What you are asked to do:
Return copies of the lines below that mention "diagram".

Records excerpted from a collection:
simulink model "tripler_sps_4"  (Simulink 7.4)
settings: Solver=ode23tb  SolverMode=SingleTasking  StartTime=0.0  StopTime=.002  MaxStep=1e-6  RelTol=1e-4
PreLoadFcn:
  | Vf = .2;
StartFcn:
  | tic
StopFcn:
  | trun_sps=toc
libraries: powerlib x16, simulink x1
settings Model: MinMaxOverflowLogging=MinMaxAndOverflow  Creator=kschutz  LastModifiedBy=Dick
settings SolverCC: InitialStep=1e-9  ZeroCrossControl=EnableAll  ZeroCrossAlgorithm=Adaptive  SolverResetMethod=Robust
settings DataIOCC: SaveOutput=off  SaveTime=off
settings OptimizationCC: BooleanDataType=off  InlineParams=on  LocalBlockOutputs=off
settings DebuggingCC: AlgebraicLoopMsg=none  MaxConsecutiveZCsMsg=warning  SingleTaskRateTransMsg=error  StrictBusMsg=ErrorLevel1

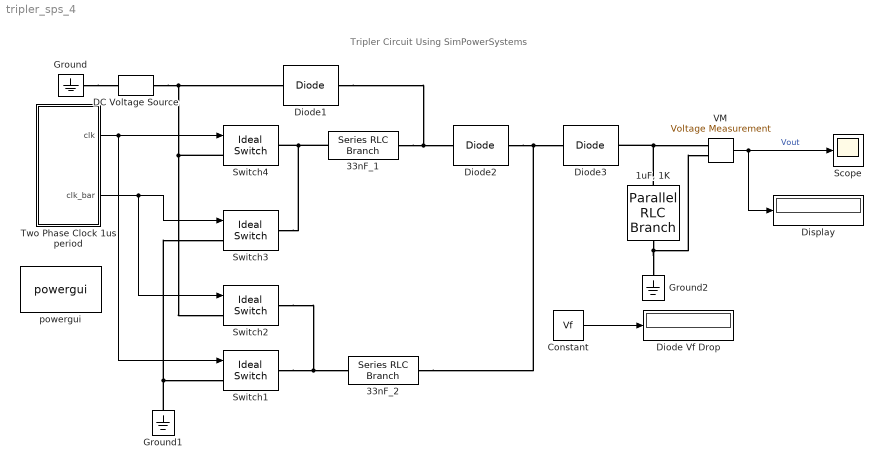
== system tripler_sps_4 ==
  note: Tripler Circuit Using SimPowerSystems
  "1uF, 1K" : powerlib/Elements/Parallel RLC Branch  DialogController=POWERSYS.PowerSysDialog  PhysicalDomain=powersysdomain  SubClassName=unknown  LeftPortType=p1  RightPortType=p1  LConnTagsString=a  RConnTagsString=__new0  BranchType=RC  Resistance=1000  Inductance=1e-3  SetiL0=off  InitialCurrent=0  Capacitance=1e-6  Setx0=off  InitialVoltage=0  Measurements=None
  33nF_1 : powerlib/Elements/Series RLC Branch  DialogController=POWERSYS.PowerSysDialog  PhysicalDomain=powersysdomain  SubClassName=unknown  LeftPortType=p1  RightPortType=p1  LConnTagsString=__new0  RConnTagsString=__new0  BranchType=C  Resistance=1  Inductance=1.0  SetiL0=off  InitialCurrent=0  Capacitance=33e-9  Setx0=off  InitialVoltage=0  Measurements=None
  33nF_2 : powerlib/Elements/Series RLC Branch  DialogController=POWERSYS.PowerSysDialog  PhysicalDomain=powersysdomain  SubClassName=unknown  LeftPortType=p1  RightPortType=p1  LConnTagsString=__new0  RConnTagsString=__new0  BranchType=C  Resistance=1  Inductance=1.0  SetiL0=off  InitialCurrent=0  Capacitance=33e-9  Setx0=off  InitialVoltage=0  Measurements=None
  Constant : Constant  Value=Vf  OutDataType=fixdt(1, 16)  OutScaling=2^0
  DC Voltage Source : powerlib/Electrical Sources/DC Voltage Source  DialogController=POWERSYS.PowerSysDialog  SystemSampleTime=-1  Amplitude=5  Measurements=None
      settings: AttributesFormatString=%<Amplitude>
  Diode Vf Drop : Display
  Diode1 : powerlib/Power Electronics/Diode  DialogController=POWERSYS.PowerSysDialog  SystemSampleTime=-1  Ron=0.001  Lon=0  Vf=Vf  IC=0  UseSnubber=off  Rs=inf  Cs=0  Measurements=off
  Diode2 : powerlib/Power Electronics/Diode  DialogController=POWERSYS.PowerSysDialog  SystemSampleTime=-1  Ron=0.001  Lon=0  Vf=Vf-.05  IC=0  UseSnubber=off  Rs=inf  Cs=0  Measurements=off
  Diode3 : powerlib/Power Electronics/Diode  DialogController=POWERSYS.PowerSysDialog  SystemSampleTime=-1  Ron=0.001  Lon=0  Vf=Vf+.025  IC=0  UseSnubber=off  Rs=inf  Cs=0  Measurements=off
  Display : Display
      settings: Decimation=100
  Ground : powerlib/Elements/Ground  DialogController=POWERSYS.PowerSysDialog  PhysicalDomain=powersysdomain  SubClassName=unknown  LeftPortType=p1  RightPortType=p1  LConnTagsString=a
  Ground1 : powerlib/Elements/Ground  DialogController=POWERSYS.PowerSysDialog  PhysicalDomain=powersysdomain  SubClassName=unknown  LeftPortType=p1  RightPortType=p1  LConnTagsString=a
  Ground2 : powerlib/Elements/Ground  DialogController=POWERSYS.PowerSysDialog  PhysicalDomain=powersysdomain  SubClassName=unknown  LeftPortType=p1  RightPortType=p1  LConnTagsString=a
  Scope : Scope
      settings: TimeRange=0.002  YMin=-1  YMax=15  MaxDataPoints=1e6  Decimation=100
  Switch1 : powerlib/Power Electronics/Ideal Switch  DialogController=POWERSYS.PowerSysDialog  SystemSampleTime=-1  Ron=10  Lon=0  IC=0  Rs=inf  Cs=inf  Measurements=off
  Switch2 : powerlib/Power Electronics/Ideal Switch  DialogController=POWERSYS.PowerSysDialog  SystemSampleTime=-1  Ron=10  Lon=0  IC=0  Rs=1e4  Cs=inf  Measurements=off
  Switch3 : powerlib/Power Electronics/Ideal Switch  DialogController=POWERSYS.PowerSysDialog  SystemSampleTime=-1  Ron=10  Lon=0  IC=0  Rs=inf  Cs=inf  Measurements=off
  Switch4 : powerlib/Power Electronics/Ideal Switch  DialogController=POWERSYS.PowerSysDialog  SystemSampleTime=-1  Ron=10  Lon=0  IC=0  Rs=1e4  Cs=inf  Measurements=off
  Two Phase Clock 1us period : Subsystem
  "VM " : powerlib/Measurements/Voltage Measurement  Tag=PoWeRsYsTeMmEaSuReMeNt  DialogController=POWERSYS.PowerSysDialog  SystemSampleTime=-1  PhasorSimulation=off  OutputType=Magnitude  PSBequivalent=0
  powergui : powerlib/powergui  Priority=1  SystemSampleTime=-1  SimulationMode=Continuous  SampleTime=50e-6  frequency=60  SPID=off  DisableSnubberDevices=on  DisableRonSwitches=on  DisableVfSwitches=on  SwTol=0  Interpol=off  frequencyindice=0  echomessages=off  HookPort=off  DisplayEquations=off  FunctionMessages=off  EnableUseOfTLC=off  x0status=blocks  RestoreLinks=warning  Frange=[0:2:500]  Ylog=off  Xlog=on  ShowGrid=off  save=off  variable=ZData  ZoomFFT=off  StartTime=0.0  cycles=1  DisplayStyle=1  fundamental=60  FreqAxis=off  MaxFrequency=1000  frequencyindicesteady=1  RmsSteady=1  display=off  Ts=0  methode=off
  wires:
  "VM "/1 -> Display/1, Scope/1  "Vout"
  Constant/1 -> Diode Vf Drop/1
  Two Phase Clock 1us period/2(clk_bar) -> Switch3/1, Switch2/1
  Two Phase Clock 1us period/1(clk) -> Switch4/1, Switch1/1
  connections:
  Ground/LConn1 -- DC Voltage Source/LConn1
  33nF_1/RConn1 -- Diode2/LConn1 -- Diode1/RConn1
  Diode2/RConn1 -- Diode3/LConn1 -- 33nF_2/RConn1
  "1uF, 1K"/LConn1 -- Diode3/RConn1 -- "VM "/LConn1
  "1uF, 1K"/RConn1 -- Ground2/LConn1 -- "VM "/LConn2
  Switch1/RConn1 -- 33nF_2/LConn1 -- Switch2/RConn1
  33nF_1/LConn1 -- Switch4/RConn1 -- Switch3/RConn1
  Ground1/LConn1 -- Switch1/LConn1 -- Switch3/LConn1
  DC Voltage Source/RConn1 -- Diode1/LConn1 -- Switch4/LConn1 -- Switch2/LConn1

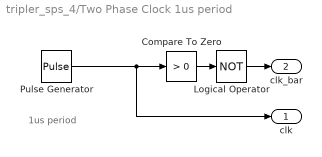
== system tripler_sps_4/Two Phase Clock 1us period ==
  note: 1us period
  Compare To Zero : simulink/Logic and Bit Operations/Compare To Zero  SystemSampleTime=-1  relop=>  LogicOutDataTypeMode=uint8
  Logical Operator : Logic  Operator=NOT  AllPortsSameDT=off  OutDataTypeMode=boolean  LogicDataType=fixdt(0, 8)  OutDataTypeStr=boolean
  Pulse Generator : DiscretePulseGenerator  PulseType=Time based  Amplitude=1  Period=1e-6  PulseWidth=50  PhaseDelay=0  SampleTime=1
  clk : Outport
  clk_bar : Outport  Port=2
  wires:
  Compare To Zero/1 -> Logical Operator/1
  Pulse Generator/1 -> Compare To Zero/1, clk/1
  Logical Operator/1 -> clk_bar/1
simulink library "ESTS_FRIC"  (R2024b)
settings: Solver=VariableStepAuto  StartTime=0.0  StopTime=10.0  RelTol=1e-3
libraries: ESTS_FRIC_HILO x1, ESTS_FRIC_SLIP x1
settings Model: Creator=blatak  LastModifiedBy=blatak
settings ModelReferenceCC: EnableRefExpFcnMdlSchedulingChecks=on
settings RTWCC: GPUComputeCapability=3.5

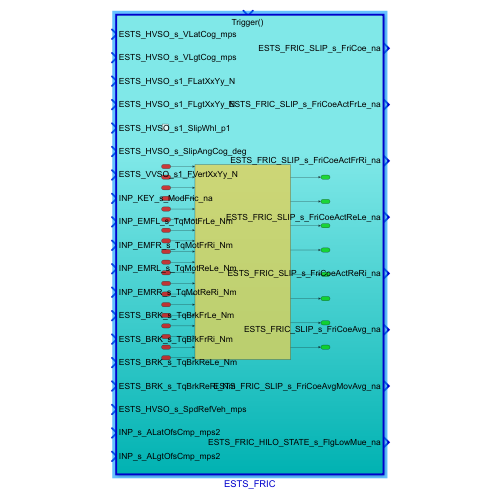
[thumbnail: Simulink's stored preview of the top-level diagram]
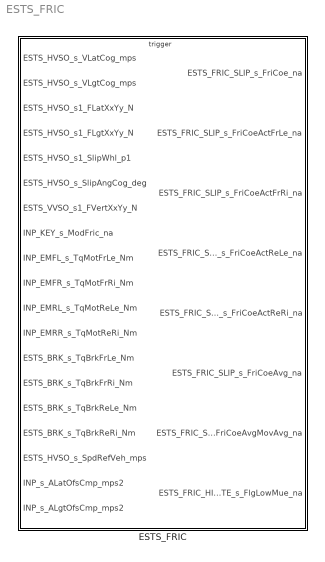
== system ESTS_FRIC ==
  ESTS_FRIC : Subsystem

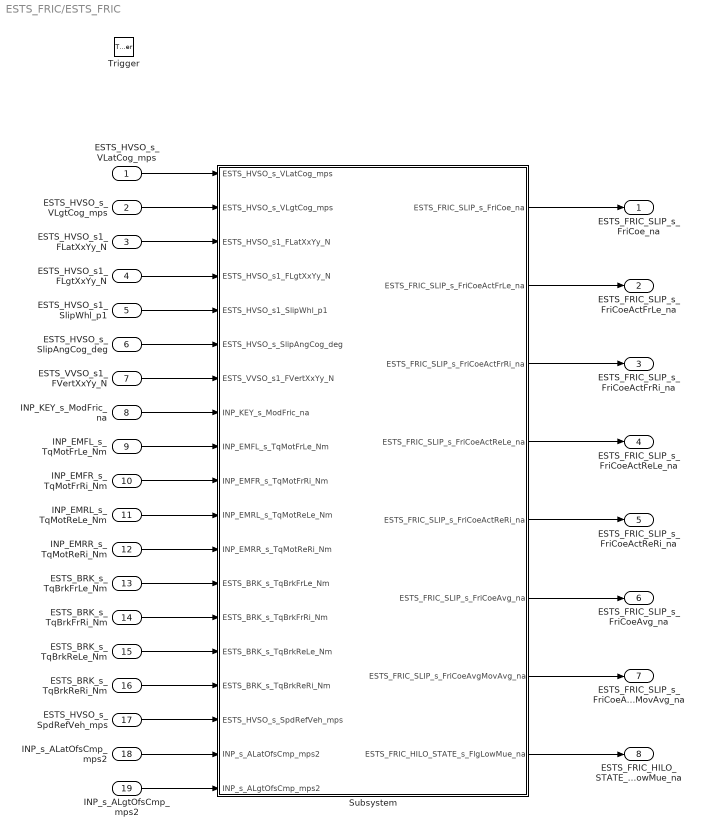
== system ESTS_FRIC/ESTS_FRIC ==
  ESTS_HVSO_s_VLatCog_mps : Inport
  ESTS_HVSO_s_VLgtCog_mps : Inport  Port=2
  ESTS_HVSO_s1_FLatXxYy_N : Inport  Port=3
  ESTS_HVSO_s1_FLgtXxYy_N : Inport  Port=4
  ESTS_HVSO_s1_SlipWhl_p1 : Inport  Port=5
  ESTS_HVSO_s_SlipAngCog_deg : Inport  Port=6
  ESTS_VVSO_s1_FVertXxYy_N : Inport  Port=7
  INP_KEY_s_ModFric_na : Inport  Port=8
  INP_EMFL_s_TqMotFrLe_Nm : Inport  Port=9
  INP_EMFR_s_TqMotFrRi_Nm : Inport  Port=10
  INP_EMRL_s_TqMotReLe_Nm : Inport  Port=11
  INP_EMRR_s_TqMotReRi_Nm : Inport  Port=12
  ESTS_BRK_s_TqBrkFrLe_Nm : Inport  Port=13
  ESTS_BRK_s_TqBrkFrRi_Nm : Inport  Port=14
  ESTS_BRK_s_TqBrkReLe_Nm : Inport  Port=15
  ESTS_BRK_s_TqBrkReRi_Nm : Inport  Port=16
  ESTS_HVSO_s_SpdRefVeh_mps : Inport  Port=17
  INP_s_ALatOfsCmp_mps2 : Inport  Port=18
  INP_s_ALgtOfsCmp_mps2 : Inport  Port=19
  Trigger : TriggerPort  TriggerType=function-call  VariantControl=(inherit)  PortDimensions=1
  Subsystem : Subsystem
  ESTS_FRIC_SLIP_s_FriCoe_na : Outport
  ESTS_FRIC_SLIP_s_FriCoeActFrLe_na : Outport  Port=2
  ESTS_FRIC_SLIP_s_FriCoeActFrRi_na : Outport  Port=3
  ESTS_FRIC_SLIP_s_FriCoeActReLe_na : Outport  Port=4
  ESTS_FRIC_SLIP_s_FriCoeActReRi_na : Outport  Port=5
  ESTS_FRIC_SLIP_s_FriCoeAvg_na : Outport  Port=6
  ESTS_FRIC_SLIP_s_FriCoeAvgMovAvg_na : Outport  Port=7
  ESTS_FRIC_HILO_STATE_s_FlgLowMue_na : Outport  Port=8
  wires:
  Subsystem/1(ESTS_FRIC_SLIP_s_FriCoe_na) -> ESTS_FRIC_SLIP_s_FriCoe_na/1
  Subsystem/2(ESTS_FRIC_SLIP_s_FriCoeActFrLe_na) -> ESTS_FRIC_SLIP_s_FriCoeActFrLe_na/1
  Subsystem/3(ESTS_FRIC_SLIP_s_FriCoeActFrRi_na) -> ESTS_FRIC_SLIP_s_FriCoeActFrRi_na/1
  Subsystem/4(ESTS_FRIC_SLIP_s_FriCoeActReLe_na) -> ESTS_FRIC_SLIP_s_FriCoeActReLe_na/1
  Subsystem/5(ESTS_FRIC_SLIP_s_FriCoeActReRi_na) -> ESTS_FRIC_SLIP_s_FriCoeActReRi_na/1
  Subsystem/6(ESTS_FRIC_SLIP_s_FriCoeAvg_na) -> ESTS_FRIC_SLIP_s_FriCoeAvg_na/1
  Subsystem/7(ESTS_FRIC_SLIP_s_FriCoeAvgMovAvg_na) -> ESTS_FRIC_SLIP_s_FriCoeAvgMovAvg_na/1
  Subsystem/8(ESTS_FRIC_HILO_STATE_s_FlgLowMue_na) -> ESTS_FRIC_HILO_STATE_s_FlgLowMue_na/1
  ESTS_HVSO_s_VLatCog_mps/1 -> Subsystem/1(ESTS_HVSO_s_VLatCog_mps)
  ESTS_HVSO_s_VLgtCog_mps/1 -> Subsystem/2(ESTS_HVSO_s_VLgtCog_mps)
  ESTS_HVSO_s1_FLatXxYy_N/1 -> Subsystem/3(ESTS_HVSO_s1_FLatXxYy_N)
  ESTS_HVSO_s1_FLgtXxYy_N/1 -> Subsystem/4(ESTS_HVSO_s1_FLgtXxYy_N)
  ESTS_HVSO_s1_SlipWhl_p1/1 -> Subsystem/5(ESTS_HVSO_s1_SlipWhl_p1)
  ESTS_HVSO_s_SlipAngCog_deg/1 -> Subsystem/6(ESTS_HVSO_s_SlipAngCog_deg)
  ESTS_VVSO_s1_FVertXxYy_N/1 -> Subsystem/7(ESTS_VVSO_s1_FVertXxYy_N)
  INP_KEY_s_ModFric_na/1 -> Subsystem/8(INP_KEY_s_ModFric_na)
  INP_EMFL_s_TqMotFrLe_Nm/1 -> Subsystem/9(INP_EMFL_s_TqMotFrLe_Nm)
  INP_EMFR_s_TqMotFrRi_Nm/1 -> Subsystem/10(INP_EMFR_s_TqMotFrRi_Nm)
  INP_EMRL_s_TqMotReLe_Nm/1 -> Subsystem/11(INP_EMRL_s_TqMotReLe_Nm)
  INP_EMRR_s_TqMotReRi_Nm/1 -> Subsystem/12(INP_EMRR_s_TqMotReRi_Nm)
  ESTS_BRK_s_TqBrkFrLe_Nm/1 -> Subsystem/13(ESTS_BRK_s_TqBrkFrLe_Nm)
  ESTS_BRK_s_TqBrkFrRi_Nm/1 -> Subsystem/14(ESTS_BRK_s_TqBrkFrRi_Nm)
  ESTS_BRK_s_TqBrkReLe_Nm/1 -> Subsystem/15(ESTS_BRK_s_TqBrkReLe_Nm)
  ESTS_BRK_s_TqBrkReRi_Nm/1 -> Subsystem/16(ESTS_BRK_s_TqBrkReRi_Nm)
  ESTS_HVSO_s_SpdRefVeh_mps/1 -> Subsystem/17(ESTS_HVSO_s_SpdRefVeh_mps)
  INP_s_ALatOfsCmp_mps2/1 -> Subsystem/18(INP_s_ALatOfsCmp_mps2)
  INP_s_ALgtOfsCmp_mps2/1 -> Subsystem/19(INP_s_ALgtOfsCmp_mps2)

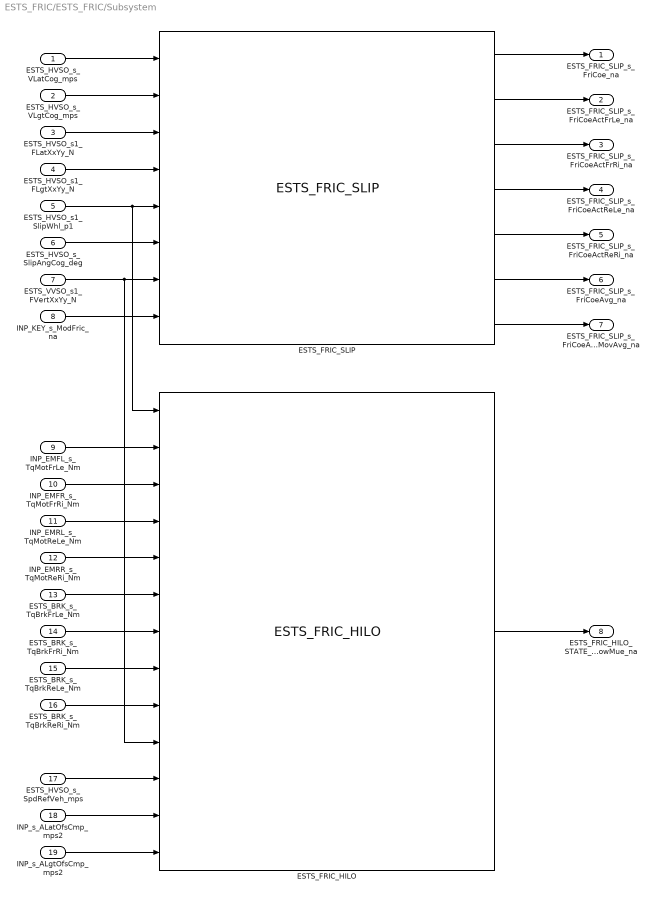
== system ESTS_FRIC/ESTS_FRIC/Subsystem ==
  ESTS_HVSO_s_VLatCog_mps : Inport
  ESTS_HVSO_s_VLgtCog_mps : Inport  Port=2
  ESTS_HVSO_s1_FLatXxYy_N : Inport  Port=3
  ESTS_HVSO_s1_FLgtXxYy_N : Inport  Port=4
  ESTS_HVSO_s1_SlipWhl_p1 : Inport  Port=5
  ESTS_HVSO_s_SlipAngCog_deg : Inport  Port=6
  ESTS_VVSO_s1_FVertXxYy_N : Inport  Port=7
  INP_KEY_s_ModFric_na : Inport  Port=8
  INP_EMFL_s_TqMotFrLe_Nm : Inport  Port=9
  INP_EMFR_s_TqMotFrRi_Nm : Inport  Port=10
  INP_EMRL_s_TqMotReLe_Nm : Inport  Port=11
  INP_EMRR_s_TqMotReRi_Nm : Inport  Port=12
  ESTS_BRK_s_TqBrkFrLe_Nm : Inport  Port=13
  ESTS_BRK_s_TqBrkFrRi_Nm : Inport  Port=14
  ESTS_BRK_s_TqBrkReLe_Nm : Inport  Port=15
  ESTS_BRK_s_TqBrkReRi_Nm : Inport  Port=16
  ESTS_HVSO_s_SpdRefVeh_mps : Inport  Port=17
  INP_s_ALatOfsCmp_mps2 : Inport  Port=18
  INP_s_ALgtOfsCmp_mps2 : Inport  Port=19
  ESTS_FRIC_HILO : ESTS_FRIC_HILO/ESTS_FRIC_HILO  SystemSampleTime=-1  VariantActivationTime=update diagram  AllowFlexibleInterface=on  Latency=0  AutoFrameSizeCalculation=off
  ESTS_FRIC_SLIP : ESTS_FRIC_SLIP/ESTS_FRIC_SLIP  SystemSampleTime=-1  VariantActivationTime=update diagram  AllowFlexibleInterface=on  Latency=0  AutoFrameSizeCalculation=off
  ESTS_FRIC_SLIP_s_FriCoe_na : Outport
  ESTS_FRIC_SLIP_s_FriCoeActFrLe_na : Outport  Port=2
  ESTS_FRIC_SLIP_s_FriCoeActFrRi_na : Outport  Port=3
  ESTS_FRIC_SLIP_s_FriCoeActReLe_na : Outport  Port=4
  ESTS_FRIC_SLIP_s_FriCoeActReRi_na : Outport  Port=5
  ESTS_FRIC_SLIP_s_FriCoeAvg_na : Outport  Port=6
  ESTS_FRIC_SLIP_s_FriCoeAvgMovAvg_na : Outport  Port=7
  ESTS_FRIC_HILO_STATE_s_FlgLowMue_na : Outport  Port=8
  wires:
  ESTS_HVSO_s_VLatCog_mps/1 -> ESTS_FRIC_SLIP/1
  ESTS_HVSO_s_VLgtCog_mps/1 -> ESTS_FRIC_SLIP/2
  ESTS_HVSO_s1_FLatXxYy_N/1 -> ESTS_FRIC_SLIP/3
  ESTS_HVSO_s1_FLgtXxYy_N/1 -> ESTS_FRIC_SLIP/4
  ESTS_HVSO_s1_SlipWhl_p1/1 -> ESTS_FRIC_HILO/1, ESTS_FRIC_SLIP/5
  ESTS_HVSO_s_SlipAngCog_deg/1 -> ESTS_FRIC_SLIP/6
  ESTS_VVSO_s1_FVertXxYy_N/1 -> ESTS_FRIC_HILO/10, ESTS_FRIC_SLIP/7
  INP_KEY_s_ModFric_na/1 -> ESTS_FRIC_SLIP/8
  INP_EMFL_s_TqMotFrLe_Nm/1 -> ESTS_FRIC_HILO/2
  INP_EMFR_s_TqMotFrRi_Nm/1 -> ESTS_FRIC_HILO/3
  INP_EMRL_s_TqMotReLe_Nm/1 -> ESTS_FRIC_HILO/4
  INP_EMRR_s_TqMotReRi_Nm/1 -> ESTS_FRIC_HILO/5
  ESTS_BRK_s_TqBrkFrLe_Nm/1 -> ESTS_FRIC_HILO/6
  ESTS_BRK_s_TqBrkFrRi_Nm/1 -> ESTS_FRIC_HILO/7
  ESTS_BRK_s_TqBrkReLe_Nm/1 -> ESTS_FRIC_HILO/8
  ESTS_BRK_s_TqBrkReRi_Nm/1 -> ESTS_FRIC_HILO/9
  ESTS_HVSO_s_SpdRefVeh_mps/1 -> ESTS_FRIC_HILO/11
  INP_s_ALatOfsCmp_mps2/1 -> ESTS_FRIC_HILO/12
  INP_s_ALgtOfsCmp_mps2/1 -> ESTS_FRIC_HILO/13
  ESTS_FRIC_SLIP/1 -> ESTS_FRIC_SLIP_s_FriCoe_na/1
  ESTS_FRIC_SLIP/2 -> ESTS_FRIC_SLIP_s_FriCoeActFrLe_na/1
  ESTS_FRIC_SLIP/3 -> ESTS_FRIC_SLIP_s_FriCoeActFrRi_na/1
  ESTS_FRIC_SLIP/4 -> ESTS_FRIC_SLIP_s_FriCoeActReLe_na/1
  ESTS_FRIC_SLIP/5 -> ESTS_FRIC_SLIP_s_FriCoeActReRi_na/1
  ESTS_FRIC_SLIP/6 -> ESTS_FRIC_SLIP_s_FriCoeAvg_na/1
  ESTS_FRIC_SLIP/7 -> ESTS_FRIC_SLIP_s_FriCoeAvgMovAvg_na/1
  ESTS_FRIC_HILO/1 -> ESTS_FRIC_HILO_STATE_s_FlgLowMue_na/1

Answer to this exercise:
[thumbnail: Simulink's stored preview of the top-level diagram]
  ESTS_FRIC_HILO : ESTS_FRIC_HILO/ESTS_FRIC_HILO  SystemSampleTime=-1  VariantActivationTime=update diagram  AllowFlexibleInterface=on  Latency=0  AutoFrameSizeCalculation=off
  ESTS_FRIC_SLIP : ESTS_FRIC_SLIP/ESTS_FRIC_SLIP  SystemSampleTime=-1  VariantActivationTime=update diagram  AllowFlexibleInterface=on  Latency=0  AutoFrameSizeCalculation=off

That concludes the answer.